> _Problem to solve_
Please repeat the records below exactly, from the first line through the line containing "import ezdxf", and nothing more.

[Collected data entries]
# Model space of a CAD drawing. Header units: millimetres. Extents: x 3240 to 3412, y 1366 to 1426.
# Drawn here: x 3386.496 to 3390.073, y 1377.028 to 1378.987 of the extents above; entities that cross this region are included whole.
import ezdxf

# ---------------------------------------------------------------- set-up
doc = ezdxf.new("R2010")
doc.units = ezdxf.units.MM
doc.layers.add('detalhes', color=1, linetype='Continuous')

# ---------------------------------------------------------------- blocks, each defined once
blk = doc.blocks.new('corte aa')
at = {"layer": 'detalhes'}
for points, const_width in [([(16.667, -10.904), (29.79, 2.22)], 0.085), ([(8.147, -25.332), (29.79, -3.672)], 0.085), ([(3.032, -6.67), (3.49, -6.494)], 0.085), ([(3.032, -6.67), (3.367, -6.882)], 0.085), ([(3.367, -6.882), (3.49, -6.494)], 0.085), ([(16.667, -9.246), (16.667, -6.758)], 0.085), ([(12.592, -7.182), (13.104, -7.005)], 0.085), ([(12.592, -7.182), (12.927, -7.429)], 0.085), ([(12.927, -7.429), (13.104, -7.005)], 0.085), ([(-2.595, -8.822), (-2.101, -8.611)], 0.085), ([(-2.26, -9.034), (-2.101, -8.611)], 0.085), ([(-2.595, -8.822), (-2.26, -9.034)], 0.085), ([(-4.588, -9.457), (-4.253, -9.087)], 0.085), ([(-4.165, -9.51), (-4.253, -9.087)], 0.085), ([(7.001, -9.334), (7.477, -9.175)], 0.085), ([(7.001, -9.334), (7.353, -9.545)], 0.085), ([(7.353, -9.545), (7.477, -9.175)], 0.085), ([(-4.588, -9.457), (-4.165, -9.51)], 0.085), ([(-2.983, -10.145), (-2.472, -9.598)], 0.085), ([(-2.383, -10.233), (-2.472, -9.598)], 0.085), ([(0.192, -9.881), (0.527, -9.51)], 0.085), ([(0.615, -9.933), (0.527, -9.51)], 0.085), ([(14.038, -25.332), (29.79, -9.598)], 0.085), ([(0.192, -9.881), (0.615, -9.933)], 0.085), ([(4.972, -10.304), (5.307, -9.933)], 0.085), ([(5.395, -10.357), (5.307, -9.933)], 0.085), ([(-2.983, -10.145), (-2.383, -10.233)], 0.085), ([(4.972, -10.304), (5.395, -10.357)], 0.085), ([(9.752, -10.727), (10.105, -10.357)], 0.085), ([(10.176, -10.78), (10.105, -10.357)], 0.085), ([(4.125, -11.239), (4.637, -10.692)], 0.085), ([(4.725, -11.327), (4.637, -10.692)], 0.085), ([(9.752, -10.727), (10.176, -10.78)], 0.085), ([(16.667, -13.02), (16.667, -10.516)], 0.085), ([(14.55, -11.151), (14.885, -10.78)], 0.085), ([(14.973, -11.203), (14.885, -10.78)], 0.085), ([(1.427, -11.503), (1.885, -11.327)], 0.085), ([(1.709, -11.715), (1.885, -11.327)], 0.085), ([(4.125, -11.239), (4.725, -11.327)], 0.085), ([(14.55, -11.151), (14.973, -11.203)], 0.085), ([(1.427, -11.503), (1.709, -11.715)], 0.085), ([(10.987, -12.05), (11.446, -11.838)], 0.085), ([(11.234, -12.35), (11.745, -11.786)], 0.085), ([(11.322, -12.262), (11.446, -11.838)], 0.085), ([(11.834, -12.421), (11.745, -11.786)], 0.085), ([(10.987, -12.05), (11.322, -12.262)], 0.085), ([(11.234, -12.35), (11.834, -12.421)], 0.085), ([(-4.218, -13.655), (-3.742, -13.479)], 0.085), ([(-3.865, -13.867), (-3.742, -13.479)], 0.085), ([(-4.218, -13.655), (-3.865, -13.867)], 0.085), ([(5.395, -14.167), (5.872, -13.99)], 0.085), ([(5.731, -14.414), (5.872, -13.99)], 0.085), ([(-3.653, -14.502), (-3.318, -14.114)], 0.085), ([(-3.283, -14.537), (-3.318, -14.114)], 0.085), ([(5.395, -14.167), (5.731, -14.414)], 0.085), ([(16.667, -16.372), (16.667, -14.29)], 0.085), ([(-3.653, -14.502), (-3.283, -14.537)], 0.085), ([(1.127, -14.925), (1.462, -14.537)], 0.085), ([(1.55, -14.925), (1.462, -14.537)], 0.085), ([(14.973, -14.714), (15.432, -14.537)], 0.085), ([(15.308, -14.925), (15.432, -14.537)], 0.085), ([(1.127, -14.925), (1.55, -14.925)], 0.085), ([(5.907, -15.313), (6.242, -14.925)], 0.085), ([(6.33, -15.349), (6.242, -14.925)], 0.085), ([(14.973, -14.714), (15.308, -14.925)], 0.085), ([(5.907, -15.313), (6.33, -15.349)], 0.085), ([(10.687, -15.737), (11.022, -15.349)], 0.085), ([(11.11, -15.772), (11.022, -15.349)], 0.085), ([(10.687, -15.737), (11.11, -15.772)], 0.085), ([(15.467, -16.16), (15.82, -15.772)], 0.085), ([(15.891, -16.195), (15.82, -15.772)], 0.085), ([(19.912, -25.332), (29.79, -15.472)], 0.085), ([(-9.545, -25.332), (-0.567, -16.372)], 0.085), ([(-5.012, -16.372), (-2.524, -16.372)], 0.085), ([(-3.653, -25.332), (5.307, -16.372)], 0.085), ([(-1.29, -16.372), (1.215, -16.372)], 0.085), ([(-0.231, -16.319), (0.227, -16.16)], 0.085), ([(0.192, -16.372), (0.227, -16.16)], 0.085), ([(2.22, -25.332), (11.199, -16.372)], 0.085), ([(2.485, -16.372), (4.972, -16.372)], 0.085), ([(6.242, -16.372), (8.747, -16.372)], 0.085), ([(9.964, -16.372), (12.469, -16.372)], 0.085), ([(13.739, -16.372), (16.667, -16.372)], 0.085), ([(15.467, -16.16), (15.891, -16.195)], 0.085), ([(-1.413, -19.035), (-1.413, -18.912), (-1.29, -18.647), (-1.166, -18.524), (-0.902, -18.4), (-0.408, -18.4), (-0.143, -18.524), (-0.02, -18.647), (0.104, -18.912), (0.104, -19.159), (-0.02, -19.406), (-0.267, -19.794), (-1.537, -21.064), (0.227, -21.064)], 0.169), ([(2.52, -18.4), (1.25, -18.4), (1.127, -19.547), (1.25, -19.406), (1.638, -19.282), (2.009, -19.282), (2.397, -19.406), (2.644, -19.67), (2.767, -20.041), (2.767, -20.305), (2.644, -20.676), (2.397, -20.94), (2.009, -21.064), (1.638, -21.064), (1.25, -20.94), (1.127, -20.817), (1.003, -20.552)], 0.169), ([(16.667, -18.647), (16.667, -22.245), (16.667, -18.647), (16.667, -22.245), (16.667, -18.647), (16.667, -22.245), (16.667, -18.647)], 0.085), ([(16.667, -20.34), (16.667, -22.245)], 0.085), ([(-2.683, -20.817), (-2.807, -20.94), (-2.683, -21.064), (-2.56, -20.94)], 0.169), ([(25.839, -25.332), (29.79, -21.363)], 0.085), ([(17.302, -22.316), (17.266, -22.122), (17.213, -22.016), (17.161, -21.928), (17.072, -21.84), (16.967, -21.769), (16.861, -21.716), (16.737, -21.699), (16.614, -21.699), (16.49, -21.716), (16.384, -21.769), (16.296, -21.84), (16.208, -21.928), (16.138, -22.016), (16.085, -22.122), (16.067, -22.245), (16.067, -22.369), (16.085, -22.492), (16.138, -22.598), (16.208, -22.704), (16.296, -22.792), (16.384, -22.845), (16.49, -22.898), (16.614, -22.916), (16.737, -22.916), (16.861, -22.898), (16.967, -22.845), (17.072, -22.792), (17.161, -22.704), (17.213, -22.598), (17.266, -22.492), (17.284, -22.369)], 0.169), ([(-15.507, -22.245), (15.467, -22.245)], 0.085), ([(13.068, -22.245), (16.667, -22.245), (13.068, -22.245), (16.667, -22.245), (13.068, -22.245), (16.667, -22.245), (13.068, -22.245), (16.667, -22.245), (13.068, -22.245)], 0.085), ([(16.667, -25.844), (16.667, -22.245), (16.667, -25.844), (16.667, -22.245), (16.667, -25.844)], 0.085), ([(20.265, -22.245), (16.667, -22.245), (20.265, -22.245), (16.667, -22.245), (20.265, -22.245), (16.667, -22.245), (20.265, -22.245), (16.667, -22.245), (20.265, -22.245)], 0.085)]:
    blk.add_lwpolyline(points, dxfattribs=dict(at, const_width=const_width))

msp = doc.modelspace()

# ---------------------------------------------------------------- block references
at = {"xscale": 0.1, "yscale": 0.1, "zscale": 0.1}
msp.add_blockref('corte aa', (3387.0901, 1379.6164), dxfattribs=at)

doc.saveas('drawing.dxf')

> _Answer to this task_
# Model space of a CAD drawing. Header units: millimetres. Extents: x 3240 to 3412, y 1366 to 1426.
# Drawn here: x 3386.496 to 3390.073, y 1377.028 to 1378.987 of the extents above; entities that cross this region are included whole.
import ezdxf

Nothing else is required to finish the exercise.